Output only the lines below that start at the line containing "- added R3: 100k, symbol Device:R" and end at the line containing "- R3: footprint", with both ends kept.

* Saved entries:
──────

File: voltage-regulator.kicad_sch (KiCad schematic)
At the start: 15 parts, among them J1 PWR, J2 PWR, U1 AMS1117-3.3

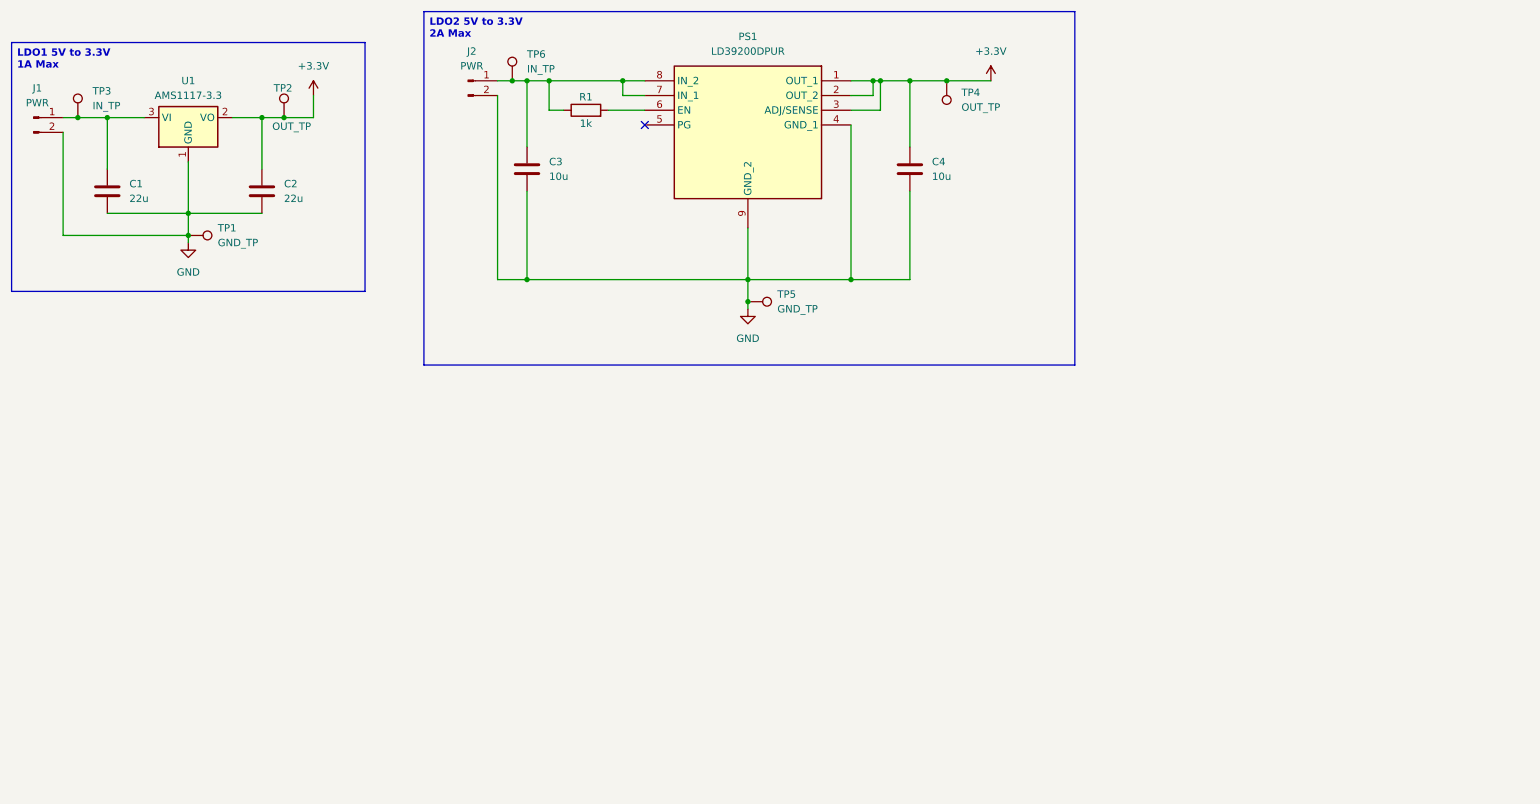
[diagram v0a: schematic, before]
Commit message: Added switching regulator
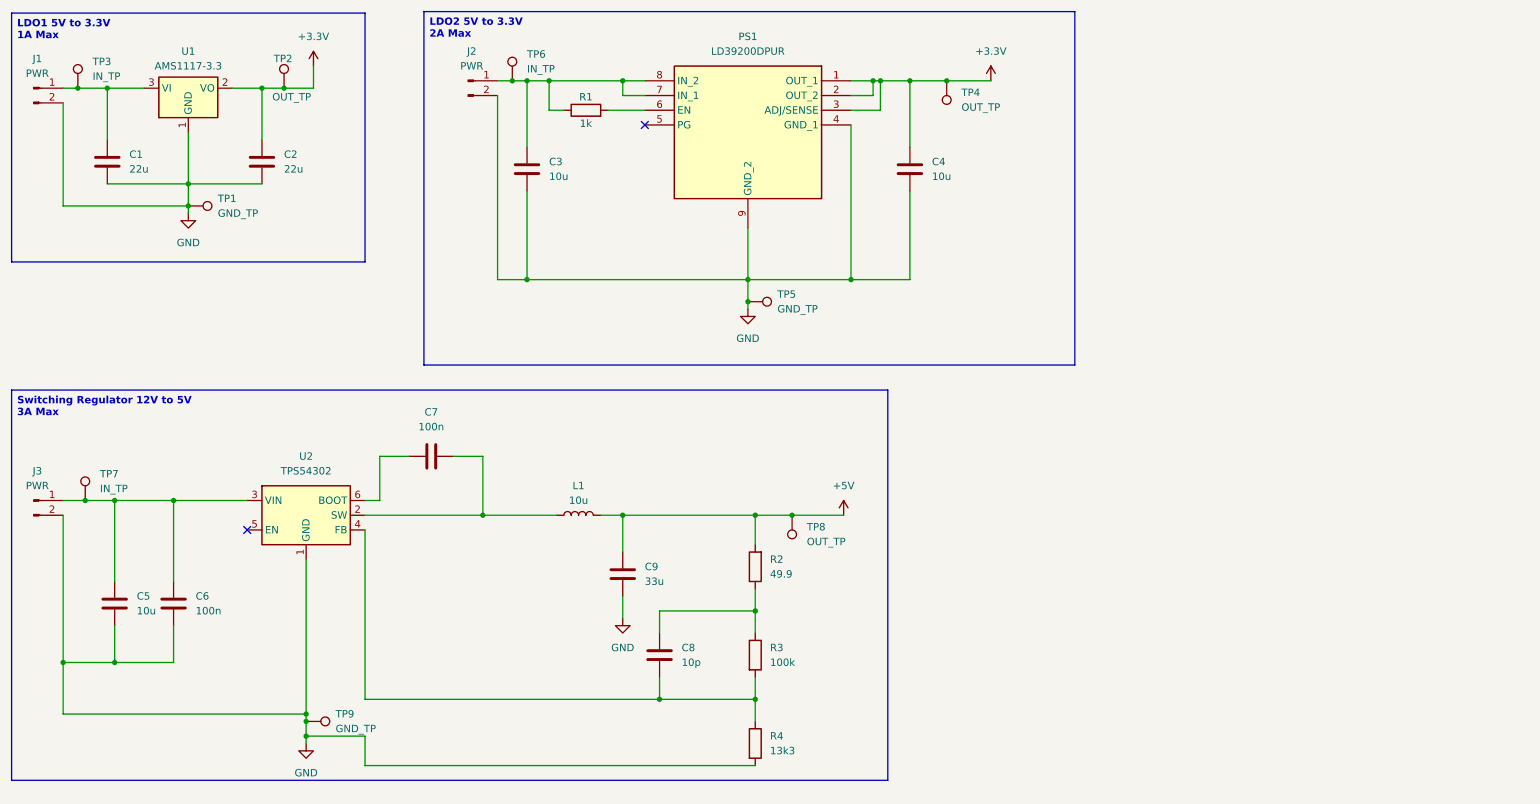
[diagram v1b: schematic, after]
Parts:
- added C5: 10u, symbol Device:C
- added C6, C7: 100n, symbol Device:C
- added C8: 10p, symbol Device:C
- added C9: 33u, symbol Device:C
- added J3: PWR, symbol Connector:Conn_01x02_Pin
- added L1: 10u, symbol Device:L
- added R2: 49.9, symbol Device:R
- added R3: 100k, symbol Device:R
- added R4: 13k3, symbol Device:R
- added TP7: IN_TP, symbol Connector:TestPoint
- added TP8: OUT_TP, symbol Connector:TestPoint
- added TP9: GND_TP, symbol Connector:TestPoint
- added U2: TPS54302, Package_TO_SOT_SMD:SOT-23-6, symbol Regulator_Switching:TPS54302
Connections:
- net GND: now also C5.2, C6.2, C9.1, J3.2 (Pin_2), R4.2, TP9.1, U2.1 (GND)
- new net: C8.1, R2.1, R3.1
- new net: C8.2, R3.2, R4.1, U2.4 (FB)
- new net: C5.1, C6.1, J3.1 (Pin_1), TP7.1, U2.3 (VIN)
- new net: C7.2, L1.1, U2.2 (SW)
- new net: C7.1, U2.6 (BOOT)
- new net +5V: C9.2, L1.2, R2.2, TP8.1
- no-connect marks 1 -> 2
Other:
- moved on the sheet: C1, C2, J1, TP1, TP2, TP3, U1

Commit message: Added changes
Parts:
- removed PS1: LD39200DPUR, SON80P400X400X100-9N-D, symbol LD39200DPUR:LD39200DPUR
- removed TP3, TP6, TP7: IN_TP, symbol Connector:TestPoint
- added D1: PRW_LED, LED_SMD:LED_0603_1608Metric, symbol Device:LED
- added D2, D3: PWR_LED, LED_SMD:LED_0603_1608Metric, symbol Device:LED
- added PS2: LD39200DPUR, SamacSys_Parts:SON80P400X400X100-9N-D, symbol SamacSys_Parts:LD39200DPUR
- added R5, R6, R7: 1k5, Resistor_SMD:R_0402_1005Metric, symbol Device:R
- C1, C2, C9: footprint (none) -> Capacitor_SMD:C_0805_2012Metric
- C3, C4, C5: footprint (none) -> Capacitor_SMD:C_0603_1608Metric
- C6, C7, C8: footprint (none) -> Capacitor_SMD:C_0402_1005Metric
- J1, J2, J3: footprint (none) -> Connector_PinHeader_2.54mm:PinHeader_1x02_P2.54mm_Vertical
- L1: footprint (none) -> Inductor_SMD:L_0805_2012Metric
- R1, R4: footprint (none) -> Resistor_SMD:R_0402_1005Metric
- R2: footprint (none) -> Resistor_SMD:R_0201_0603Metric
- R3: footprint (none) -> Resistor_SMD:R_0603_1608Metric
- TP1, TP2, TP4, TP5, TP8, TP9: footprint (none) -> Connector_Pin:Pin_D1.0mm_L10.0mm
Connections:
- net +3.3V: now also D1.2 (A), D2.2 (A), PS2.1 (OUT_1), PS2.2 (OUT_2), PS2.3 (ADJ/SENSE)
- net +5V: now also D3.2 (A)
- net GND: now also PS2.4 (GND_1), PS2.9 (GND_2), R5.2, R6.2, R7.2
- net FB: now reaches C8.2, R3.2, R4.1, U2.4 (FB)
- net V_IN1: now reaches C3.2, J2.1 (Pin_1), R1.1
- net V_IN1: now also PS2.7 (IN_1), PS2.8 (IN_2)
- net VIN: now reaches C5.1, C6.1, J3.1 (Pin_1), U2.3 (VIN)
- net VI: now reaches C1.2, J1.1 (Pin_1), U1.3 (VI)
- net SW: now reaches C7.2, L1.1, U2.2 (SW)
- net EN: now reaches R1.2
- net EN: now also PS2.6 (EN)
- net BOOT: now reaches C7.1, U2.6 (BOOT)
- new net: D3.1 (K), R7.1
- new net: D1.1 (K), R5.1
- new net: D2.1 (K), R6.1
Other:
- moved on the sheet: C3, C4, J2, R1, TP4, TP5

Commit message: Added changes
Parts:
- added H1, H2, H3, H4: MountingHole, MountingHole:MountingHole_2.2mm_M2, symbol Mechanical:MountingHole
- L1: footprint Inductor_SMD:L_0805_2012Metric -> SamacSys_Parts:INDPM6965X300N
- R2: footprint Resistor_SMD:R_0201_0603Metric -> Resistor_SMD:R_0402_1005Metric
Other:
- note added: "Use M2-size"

──────

* Result for this task:
- added R3: 100k, symbol Device:R
- added R4: 13k3, symbol Device:R
- added TP7: IN_TP, symbol Connector:TestPoint
- added TP8: OUT_TP, symbol Connector:TestPoint
- added TP9: GND_TP, symbol Connector:TestPoint
- added U2: TPS54302, Package_TO_SOT_SMD:SOT-23-6, symbol Regulator_Switching:TPS54302
Connections:
- net GND: now also C5.2, C6.2, C9.1, J3.2 (Pin_2), R4.2, TP9.1, U2.1 (GND)
- new net: C8.1, R2.1, R3.1
- new net: C8.2, R3.2, R4.1, U2.4 (FB)
- new net: C5.1, C6.1, J3.1 (Pin_1), TP7.1, U2.3 (VIN)
- new net: C7.2, L1.1, U2.2 (SW)
- new net: C7.1, U2.6 (BOOT)
- new net +5V: C9.2, L1.2, R2.2, TP8.1
- no-connect marks 1 -> 2
Other:
- moved on the sheet: C1, C2, J1, TP1, TP2, TP3, U1

Commit message: Added changes
Parts:
- removed PS1: LD39200DPUR, SON80P400X400X100-9N-D, symbol LD39200DPUR:LD39200DPUR
- removed TP3, TP6, TP7: IN_TP, symbol Connector:TestPoint
- added D1: PRW_LED, LED_SMD:LED_0603_1608Metric, symbol Device:LED
- added D2, D3: PWR_LED, LED_SMD:LED_0603_1608Metric, symbol Device:LED
- added PS2: LD39200DPUR, SamacSys_Parts:SON80P400X400X100-9N-D, symbol SamacSys_Parts:LD39200DPUR
- added R5, R6, R7: 1k5, Resistor_SMD:R_0402_1005Metric, symbol Device:R
- C1, C2, C9: footprint (none) -> Capacitor_SMD:C_0805_2012Metric
- C3, C4, C5: footprint (none) -> Capacitor_SMD:C_0603_1608Metric
- C6, C7, C8: footprint (none) -> Capacitor_SMD:C_0402_1005Metric
- J1, J2, J3: footprint (none) -> Connector_PinHeader_2.54mm:PinHeader_1x02_P2.54mm_Vertical
- L1: footprint (none) -> Inductor_SMD:L_0805_2012Metric
- R1, R4: footprint (none) -> Resistor_SMD:R_0402_1005Metric
- R2: footprint (none) -> Resistor_SMD:R_0201_0603Metric
- R3: footprint (none) -> Resistor_SMD:R_0603_1608Metric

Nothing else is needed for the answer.